[Start of Attachment]

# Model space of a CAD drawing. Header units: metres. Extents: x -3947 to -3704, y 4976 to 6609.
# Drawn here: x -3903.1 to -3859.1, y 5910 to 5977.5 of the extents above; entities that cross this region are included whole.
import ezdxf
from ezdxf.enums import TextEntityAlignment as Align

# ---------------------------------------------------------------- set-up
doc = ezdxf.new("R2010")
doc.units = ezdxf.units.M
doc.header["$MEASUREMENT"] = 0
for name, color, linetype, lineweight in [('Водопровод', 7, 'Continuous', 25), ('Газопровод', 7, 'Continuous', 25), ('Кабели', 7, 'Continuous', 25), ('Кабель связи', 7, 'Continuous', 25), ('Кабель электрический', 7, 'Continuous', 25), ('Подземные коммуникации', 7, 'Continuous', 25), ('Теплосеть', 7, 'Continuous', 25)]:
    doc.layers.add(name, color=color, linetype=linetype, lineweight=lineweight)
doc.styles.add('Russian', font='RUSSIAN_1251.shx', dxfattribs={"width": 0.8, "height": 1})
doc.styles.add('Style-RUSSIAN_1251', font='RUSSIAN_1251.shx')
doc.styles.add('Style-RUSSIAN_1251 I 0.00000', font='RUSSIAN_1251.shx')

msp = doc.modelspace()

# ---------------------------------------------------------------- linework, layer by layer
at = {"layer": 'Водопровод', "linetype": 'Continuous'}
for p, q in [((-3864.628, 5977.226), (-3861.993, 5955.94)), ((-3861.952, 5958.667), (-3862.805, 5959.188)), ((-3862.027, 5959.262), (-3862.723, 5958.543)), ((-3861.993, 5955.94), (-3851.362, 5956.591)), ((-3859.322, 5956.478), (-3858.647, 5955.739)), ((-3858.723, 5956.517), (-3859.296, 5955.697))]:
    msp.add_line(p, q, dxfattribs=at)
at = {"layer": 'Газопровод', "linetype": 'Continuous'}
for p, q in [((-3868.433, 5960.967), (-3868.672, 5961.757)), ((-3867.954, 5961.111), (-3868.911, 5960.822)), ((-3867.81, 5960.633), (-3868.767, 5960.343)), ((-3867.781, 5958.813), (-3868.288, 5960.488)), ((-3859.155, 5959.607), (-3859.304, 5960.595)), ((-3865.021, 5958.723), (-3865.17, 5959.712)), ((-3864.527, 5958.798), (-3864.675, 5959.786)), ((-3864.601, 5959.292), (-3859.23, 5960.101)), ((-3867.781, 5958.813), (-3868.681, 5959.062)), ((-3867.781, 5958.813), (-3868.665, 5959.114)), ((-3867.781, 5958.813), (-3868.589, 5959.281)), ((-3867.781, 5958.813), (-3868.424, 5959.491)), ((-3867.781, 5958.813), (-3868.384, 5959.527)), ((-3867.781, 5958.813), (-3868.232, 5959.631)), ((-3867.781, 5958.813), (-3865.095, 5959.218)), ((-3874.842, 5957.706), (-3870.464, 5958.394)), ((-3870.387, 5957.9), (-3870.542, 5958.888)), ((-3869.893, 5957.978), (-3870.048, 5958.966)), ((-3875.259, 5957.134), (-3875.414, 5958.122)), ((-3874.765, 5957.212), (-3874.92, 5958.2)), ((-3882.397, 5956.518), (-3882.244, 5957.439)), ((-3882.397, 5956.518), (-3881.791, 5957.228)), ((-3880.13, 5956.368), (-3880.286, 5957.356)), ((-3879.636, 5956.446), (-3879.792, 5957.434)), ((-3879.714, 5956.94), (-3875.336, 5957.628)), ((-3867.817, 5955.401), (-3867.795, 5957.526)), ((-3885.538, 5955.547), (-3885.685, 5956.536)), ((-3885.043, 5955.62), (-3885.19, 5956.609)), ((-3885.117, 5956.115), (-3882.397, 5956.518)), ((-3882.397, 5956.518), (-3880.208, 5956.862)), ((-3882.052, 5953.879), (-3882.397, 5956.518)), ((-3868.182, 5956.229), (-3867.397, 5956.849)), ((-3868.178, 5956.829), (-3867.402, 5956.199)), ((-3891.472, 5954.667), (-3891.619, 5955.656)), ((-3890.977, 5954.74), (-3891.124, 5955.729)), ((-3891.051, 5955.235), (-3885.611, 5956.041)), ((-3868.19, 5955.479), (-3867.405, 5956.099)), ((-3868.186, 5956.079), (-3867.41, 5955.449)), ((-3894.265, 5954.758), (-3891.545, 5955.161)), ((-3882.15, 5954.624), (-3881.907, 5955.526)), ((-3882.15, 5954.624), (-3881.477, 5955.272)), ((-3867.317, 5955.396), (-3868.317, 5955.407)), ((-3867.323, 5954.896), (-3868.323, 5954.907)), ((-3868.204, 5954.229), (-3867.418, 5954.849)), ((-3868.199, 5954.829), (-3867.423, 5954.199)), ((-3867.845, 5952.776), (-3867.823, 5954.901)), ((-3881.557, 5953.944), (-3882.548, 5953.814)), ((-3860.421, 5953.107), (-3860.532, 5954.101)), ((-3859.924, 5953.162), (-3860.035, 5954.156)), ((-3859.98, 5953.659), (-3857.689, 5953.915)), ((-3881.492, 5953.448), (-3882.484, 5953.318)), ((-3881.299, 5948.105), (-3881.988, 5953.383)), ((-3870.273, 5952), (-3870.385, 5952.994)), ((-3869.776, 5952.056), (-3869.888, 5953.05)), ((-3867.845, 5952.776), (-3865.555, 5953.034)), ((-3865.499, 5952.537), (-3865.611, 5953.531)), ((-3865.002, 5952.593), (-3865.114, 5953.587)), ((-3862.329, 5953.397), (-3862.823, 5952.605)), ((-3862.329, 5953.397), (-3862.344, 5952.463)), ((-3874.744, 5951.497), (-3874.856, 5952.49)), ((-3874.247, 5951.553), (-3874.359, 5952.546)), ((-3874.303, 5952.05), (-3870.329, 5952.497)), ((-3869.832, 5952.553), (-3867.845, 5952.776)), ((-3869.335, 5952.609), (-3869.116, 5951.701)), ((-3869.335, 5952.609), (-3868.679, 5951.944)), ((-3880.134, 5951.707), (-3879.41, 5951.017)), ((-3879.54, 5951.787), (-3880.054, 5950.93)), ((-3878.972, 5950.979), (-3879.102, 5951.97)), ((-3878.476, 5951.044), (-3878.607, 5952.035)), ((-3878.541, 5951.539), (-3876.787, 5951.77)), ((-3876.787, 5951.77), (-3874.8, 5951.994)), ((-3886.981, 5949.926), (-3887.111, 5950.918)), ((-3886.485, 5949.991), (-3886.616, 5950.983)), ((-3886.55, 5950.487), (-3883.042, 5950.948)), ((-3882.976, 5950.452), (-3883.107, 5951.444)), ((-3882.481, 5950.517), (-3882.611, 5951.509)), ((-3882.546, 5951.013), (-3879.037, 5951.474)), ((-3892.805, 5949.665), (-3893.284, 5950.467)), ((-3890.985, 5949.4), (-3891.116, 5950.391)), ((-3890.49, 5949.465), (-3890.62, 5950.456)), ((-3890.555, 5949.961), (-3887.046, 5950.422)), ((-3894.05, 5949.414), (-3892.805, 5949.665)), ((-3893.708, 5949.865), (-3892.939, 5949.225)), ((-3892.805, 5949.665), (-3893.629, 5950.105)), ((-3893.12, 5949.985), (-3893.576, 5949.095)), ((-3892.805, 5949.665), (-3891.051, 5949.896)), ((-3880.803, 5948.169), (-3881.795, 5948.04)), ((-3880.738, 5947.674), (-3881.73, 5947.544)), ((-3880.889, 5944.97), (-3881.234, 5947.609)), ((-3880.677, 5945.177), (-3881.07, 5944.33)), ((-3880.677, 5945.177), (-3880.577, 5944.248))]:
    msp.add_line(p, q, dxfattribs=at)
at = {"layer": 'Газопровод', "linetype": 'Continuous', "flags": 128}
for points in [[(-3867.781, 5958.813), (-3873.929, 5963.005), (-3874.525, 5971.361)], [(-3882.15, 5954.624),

[End of Attachment]

Once you have read the entries, reproduce each one exactly.

* _Exercise result_:
# Model space of a CAD drawing. Header units: metres. Extents: x -3947 to -3704, y 4976 to 6609.
# Drawn here: x -3903.1 to -3859.1, y 5910 to 5977.5 of the extents above; entities that cross this region are included whole.
import ezdxf
from ezdxf.enums import TextEntityAlignment as Align

# ---------------------------------------------------------------- set-up
doc = ezdxf.new("R2010")
doc.units = ezdxf.units.M
doc.header["$MEASUREMENT"] = 0
for name, color, linetype, lineweight in [('Водопровод', 7, 'Continuous', 25), ('Газопровод', 7, 'Continuous', 25), ('Кабели', 7, 'Continuous', 25), ('Кабель связи', 7, 'Continuous', 25), ('Кабель электрический', 7, 'Continuous', 25), ('Подземные коммуникации', 7, 'Continuous', 25), ('Теплосеть', 7, 'Continuous', 25)]:
    doc.layers.add(name, color=color, linetype=linetype, lineweight=lineweight)
doc.styles.add('Russian', font='RUSSIAN_1251.shx', dxfattribs={"width": 0.8, "height": 1})
doc.styles.add('Style-RUSSIAN_1251', font='RUSSIAN_1251.shx')
doc.styles.add('Style-RUSSIAN_1251 I 0.00000', font='RUSSIAN_1251.shx')

msp = doc.modelspace()

# ---------------------------------------------------------------- linework, layer by layer
at = {"layer": 'Водопровод', "linetype": 'Continuous'}
for p, q in [((-3864.628, 5977.226), (-3861.993, 5955.94)), ((-3861.952, 5958.667), (-3862.805, 5959.188)), ((-3862.027, 5959.262), (-3862.723, 5958.543)), ((-3861.993, 5955.94), (-3851.362, 5956.591)), ((-3859.322, 5956.478), (-3858.647, 5955.739)), ((-3858.723, 5956.517), (-3859.296, 5955.697))]:
    msp.add_line(p, q, dxfattribs=at)
at = {"layer": 'Газопровод', "linetype": 'Continuous'}
for p, q in [((-3868.433, 5960.967), (-3868.672, 5961.757)), ((-3867.954, 5961.111), (-3868.911, 5960.822)), ((-3867.81, 5960.633), (-3868.767, 5960.343)), ((-3867.781, 5958.813), (-3868.288, 5960.488)), ((-3859.155, 5959.607), (-3859.304, 5960.595)), ((-3865.021, 5958.723), (-3865.17, 5959.712)), ((-3864.527, 5958.798), (-3864.675, 5959.786)), ((-3864.601, 5959.292), (-3859.23, 5960.101)), ((-3867.781, 5958.813), (-3868.681, 5959.062)), ((-3867.781, 5958.813), (-3868.665, 5959.114)), ((-3867.781, 5958.813), (-3868.589, 5959.281)), ((-3867.781, 5958.813), (-3868.424, 5959.491)), ((-3867.781, 5958.813), (-3868.384, 5959.527)), ((-3867.781, 5958.813), (-3868.232, 5959.631)), ((-3867.781, 5958.813), (-3865.095, 5959.218)), ((-3874.842, 5957.706), (-3870.464, 5958.394)), ((-3870.387, 5957.9), (-3870.542, 5958.888)), ((-3869.893, 5957.978), (-3870.048, 5958.966)), ((-3875.259, 5957.134), (-3875.414, 5958.122)), ((-3874.765, 5957.212), (-3874.92, 5958.2)), ((-3882.397, 5956.518), (-3882.244, 5957.439)), ((-3882.397, 5956.518), (-3881.791, 5957.228)), ((-3880.13, 5956.368), (-3880.286, 5957.356)), ((-3879.636, 5956.446), (-3879.792, 5957.434)), ((-3879.714, 5956.94), (-3875.336, 5957.628)), ((-3867.817, 5955.401), (-3867.795, 5957.526)), ((-3885.538, 5955.547), (-3885.685, 5956.536)), ((-3885.043, 5955.62), (-3885.19, 5956.609)), ((-3885.117, 5956.115), (-3882.397, 5956.518)), ((-3882.397, 5956.518), (-3880.208, 5956.862)), ((-3882.052, 5953.879), (-3882.397, 5956.518)), ((-3868.182, 5956.229), (-3867.397, 5956.849)), ((-3868.178, 5956.829), (-3867.402, 5956.199)), ((-3891.472, 5954.667), (-3891.619, 5955.656)), ((-3890.977, 5954.74), (-3891.124, 5955.729)), ((-3891.051, 5955.235), (-3885.611, 5956.041)), ((-3868.19, 5955.479), (-3867.405, 5956.099)), ((-3868.186, 5956.079), (-3867.41, 5955.449)), ((-3894.265, 5954.758), (-3891.545, 5955.161)), ((-3882.15, 5954.624), (-3881.907, 5955.526)), ((-3882.15, 5954.624), (-3881.477, 5955.272)), ((-3867.317, 5955.396), (-3868.317, 5955.407)), ((-3867.323, 5954.896), (-3868.323, 5954.907)), ((-3868.204, 5954.229), (-3867.418, 5954.849)), ((-3868.199, 5954.829), (-3867.423, 5954.199)), ((-3867.845, 5952.776), (-3867.823, 5954.901)), ((-3881.557, 5953.944), (-3882.548, 5953.814)), ((-3860.421, 5953.107), (-3860.532, 5954.101)), ((-3859.924, 5953.162), (-3860.035, 5954.156)), ((-3859.98, 5953.659), (-3857.689, 5953.915)), ((-3881.492, 5953.448), (-3882.484, 5953.318)), ((-3881.299, 5948.105), (-3881.988, 5953.383)), ((-3870.273, 5952), (-3870.385, 5952.994)), ((-3869.776, 5952.056), (-3869.888, 5953.05)), ((-3867.845, 5952.776), (-3865.555, 5953.034)), ((-3865.499, 5952.537), (-3865.611, 5953.531)), ((-3865.002, 5952.593), (-3865.114, 5953.587)), ((-3862.329, 5953.397), (-3862.823, 5952.605)), ((-3862.329, 5953.397), (-3862.344, 5952.463)), ((-3874.744, 5951.497), (-3874.856, 5952.49)), ((-3874.247, 5951.553), (-3874.359, 5952.546)), ((-3874.303, 5952.05), (-3870.329, 5952.497)), ((-3869.832, 5952.553), (-3867.845, 5952.776)), ((-3869.335, 5952.609), (-3869.116, 5951.701)), ((-3869.335, 5952.609), (-3868.679, 5951.944)), ((-3880.134, 5951.707), (-3879.41, 5951.017)), ((-3879.54, 5951.787), (-3880.054, 5950.93)), ((-3878.972, 5950.979), (-3879.102, 5951.97)), ((-3878.476, 5951.044), (-3878.607, 5952.035)), ((-3878.541, 5951.539), (-3876.787, 5951.77)), ((-3876.787, 5951.77), (-3874.8, 5951.994)), ((-3886.981, 5949.926), (-3887.111, 5950.918)), ((-3886.485, 5949.991), (-3886.616, 5950.983)), ((-3886.55, 5950.487), (-3883.042, 5950.948)), ((-3882.976, 5950.452), (-3883.107, 5951.444)), ((-3882.481, 5950.517), (-3882.611, 5951.509)), ((-3882.546, 5951.013), (-3879.037, 5951.474)), ((-3892.805, 5949.665), (-3893.284, 5950.467)), ((-3890.985, 5949.4), (-3891.116, 5950.391)), ((-3890.49, 5949.465), (-3890.62, 5950.456)), ((-3890.555, 5949.961), (-3887.046, 5950.422)), ((-3894.05, 5949.414), (-3892.805, 5949.665)), ((-3893.708, 5949.865), (-3892.939, 5949.225)), ((-3892.805, 5949.665), (-3893.629, 5950.105)), ((-3893.12, 5949.985), (-3893.576, 5949.095)), ((-3892.805, 5949.665), (-3891.051, 5949.896)), ((-3880.803, 5948.169), (-3881.795, 5948.04)), ((-3880.738, 5947.674), (-3881.73, 5947.544)), ((-3880.889, 5944.97), (-3881.234, 5947.609)), ((-3880.677, 5945.177), (-3881.07, 5944.33)), ((-3880.677, 5945.177), (-3880.577, 5944.248))]:
    msp.add_line(p, q, dxfattribs=at)
at = {"layer": 'Газопровод', "linetype": 'Continuous', "flags": 128}
for points in [[(-3867.781, 5958.813), (-3873.929, 5963.005), (-3874.525, 5971.361)], [(-3882.15, 5954.624),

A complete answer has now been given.